* _Work order_
Wherever the word "blocks" appears in a line of the records, copy that line.
(Available data)
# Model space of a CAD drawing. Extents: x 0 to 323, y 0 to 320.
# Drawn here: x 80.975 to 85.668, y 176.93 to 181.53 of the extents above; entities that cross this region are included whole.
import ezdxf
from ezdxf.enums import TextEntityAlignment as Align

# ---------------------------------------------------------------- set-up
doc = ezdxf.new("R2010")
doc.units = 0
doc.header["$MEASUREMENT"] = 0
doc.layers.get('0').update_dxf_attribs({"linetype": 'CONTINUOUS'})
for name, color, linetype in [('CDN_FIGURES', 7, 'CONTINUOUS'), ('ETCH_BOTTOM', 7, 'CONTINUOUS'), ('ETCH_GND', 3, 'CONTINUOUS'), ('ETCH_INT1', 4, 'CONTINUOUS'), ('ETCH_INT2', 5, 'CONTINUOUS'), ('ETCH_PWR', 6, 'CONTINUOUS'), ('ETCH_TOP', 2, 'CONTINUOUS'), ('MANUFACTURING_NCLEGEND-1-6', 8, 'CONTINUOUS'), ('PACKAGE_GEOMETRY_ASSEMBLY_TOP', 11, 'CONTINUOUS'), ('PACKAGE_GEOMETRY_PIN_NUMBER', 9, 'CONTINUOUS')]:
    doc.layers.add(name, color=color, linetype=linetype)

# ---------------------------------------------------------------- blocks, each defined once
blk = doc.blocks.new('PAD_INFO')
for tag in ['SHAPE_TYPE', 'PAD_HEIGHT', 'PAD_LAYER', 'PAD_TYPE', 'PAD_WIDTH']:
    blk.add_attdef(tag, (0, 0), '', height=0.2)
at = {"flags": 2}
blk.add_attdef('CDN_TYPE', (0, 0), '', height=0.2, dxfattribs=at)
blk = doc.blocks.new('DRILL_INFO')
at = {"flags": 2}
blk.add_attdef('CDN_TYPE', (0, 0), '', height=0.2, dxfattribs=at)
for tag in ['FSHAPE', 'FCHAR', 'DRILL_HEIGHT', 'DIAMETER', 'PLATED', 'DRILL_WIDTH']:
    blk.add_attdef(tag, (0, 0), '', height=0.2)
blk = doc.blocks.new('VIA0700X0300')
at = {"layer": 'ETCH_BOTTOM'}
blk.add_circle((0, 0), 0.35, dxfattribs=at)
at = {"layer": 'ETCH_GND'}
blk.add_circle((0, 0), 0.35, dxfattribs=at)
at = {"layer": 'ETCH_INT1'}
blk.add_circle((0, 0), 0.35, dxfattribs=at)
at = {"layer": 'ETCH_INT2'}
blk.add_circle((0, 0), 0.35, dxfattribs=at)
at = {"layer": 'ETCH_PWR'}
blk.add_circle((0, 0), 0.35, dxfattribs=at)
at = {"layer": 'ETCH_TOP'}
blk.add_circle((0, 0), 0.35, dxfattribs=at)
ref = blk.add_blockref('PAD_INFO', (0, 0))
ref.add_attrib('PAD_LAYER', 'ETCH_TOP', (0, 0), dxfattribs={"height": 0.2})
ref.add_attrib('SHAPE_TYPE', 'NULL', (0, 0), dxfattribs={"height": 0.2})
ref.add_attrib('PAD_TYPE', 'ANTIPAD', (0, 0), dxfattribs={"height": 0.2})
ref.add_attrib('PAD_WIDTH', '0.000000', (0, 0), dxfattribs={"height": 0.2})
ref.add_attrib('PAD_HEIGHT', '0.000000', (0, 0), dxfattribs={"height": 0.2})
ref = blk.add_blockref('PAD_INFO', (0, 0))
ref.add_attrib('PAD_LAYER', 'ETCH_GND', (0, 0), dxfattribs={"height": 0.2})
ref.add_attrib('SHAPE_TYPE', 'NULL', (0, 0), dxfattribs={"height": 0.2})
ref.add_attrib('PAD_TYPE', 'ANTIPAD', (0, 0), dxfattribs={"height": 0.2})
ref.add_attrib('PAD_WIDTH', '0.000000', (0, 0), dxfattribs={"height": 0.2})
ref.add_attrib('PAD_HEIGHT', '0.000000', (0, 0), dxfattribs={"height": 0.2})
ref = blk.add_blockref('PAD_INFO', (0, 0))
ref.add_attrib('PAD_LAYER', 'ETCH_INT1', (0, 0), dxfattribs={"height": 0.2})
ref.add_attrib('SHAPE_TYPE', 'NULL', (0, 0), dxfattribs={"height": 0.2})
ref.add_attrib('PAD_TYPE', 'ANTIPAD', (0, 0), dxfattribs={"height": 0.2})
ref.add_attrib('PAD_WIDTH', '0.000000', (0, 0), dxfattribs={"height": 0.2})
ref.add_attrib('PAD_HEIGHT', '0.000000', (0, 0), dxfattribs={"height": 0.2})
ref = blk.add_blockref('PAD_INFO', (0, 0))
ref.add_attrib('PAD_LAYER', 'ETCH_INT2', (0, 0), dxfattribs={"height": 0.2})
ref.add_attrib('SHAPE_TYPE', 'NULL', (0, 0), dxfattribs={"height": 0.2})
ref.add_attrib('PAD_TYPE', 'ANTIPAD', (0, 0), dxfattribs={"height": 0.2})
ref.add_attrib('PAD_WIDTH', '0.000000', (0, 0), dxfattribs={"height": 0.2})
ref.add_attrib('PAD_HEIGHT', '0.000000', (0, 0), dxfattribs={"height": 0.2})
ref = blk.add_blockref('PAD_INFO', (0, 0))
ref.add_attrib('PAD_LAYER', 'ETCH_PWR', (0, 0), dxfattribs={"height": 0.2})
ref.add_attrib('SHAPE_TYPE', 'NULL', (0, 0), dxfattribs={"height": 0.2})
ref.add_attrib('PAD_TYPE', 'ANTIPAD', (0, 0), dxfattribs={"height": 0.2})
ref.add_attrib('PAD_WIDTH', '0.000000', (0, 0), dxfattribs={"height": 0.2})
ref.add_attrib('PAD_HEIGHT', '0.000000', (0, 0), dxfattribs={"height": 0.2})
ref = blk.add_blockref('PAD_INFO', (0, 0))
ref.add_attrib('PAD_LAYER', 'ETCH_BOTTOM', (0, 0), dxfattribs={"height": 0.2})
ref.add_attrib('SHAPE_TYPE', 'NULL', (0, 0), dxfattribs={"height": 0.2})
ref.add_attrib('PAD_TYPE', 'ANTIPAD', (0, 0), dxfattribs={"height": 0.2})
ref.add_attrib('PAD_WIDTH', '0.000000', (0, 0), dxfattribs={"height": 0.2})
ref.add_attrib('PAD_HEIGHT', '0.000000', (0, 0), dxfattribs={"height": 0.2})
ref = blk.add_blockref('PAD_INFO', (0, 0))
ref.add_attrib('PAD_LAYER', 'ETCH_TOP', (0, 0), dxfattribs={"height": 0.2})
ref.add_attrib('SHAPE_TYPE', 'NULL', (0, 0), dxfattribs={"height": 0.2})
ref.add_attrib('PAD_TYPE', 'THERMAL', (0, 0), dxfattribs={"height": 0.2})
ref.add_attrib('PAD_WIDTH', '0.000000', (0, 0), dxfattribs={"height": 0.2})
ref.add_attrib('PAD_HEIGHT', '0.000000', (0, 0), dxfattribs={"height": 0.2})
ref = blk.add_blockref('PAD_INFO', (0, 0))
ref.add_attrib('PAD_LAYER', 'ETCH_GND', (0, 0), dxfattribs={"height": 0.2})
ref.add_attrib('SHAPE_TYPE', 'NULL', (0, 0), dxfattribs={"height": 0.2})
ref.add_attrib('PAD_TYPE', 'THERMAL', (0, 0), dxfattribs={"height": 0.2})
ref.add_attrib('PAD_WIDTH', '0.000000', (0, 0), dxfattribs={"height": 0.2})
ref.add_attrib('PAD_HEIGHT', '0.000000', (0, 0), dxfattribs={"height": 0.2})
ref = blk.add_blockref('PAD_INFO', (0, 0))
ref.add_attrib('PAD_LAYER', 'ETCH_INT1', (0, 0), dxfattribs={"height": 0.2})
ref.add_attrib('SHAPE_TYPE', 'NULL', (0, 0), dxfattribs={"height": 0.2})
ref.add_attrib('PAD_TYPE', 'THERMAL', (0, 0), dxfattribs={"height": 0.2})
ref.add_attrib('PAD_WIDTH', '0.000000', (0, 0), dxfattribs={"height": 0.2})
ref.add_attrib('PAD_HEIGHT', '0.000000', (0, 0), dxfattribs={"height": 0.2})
(End Available data)
* _Task response_
# ---------------------------------------------------------------- blocks, each defined once
blk = doc.blocks.new('PAD_INFO')
blk = doc.blocks.new('DRILL_INFO')
blk = doc.blocks.new('VIA0700X0300')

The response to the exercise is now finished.